## Prompt
The records should be restated exactly from their first line through the line with "#26=DIRECTION('',(0.,0.,1.));" in it.

## Items from a dataset

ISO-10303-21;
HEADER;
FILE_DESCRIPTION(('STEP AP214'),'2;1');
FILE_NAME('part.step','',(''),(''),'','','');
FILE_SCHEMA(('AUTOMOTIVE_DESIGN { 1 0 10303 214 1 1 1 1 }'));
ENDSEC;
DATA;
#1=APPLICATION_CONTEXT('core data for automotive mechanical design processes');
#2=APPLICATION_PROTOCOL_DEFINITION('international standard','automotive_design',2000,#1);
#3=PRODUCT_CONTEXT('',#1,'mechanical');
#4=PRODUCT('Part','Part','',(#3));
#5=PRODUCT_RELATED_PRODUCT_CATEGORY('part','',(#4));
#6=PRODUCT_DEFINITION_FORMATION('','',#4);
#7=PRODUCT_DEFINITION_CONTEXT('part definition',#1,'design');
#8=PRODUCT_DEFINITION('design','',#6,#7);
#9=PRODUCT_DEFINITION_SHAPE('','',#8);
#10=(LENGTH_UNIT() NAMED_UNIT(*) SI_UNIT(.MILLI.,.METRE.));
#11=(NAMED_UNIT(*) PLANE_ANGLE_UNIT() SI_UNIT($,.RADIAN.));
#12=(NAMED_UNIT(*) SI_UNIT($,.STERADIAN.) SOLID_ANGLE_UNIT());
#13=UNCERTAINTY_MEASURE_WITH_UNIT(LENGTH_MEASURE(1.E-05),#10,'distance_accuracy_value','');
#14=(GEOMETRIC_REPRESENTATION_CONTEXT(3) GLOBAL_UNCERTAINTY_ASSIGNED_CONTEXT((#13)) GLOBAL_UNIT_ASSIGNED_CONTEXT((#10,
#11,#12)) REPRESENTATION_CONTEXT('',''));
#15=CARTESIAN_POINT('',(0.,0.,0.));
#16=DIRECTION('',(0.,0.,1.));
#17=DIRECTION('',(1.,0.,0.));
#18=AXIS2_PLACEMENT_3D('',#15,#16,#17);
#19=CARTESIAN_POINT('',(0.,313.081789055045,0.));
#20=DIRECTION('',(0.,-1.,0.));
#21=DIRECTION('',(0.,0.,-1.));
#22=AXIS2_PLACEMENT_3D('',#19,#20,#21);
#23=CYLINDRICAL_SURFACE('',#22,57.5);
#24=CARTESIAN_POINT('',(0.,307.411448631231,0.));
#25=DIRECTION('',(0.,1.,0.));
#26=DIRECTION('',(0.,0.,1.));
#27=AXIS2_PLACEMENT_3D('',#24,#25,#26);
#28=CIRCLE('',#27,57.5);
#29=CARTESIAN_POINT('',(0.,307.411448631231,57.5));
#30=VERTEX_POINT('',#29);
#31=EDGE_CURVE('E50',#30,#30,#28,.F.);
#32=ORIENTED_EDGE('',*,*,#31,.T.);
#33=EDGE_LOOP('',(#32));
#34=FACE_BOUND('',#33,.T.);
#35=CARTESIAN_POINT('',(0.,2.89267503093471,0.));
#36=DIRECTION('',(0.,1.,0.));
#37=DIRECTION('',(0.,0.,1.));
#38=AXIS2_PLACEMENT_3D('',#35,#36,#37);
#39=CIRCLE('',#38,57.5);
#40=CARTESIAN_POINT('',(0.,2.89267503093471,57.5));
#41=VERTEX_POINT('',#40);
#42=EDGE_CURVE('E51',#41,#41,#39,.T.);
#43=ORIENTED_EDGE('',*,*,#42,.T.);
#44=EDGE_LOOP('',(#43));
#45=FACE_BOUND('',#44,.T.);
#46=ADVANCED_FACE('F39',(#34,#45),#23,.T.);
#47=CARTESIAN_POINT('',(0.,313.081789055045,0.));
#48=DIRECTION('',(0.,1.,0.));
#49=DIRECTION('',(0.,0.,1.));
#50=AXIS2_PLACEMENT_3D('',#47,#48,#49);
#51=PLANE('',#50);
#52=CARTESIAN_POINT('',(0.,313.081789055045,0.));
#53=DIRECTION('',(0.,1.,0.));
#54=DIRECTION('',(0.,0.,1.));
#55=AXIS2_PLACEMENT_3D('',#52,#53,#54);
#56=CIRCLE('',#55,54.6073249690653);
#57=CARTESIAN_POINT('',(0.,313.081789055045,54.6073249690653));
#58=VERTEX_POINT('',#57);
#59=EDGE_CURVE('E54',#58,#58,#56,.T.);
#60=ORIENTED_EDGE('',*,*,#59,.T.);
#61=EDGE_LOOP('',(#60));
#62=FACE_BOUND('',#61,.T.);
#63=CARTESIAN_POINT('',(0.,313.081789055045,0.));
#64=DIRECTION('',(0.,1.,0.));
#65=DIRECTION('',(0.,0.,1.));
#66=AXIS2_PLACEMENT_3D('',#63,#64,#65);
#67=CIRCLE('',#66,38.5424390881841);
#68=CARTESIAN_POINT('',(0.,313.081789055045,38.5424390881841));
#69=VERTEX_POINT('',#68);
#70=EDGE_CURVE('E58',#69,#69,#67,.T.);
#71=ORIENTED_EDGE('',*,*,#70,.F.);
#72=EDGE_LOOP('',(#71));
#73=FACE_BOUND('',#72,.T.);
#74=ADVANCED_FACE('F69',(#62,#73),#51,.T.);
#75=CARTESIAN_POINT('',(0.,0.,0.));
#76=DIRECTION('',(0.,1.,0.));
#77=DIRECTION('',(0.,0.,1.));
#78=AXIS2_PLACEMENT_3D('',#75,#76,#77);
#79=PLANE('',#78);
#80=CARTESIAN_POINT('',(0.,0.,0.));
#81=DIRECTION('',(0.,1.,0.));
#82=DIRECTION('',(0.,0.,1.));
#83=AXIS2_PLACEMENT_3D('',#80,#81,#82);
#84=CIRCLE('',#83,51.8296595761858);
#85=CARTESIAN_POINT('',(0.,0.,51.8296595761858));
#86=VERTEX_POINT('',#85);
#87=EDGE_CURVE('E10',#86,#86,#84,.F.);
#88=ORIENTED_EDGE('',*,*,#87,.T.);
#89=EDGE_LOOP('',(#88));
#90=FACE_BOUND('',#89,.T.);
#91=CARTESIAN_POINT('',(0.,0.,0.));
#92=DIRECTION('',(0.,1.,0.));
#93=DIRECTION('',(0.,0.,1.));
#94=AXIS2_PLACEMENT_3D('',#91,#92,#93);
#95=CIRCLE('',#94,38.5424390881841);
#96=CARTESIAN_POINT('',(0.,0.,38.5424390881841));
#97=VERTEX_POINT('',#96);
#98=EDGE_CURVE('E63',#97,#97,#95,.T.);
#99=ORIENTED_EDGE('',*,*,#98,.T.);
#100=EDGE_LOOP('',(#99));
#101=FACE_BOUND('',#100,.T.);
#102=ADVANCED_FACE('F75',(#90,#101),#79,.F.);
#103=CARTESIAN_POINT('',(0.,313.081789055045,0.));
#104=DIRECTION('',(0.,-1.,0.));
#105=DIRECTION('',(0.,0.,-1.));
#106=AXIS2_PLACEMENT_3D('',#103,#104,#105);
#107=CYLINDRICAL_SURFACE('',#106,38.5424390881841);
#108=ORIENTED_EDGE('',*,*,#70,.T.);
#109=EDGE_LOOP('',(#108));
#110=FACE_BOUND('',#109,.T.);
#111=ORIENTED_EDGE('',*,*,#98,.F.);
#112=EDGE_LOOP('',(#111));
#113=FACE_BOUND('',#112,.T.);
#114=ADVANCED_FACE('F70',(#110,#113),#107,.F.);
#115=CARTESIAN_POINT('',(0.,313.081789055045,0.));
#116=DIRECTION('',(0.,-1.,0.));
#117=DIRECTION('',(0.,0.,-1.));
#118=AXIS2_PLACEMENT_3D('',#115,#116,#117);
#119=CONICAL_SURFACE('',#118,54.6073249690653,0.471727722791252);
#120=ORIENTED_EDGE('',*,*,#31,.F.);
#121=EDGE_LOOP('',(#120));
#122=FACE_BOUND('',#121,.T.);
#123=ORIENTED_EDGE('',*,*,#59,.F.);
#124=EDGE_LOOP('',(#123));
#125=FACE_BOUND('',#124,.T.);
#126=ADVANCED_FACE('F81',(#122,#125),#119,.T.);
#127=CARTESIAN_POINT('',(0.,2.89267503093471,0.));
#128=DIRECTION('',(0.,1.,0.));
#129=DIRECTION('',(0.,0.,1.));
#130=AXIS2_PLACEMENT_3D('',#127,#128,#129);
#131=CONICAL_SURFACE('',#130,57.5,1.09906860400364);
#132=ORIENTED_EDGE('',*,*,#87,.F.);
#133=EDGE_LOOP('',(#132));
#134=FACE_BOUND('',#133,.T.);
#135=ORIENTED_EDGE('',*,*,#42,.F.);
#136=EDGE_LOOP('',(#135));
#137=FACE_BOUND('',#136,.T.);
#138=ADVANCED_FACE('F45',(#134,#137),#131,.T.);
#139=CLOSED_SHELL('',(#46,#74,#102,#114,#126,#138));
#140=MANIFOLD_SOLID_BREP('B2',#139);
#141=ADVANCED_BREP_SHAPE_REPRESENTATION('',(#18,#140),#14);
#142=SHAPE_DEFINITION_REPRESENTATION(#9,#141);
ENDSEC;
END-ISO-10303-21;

## Output for this exercise
ISO-10303-21;
HEADER;
FILE_DESCRIPTION(('STEP AP214'),'2;1');
FILE_NAME('part.step','',(''),(''),'','','');
FILE_SCHEMA(('AUTOMOTIVE_DESIGN { 1 0 10303 214 1 1 1 1 }'));
ENDSEC;
DATA;
#1=APPLICATION_CONTEXT('core data for automotive mechanical design processes');
#2=APPLICATION_PROTOCOL_DEFINITION('international standard','automotive_design',2000,#1);
#3=PRODUCT_CONTEXT('',#1,'mechanical');
#4=PRODUCT('Part','Part','',(#3));
#5=PRODUCT_RELATED_PRODUCT_CATEGORY('part','',(#4));
#6=PRODUCT_DEFINITION_FORMATION('','',#4);
#7=PRODUCT_DEFINITION_CONTEXT('part definition',#1,'design');
#8=PRODUCT_DEFINITION('design','',#6,#7);
#9=PRODUCT_DEFINITION_SHAPE('','',#8);
#10=(LENGTH_UNIT() NAMED_UNIT(*) SI_UNIT(.MILLI.,.METRE.));
#11=(NAMED_UNIT(*) PLANE_ANGLE_UNIT() SI_UNIT($,.RADIAN.));
#12=(NAMED_UNIT(*) SI_UNIT($,.STERADIAN.) SOLID_ANGLE_UNIT());
#13=UNCERTAINTY_MEASURE_WITH_UNIT(LENGTH_MEASURE(1.E-05),#10,'distance_accuracy_value','');
#14=(GEOMETRIC_REPRESENTATION_CONTEXT(3) GLOBAL_UNCERTAINTY_ASSIGNED_CONTEXT((#13)) GLOBAL_UNIT_ASSIGNED_CONTEXT((#10,
#11,#12)) REPRESENTATION_CONTEXT('',''));
#15=CARTESIAN_POINT('',(0.,0.,0.));
#16=DIRECTION('',(0.,0.,1.));
#17=DIRECTION('',(1.,0.,0.));
#18=AXIS2_PLACEMENT_3D('',#15,#16,#17);
#19=CARTESIAN_POINT('',(0.,313.081789055045,0.));
#20=DIRECTION('',(0.,-1.,0.));
#21=DIRECTION('',(0.,0.,-1.));
#22=AXIS2_PLACEMENT_3D('',#19,#20,#21);
#23=CYLINDRICAL_SURFACE('',#22,57.5);
#24=CARTESIAN_POINT('',(0.,307.411448631231,0.));
#25=DIRECTION('',(0.,1.,0.));
#26=DIRECTION('',(0.,0.,1.));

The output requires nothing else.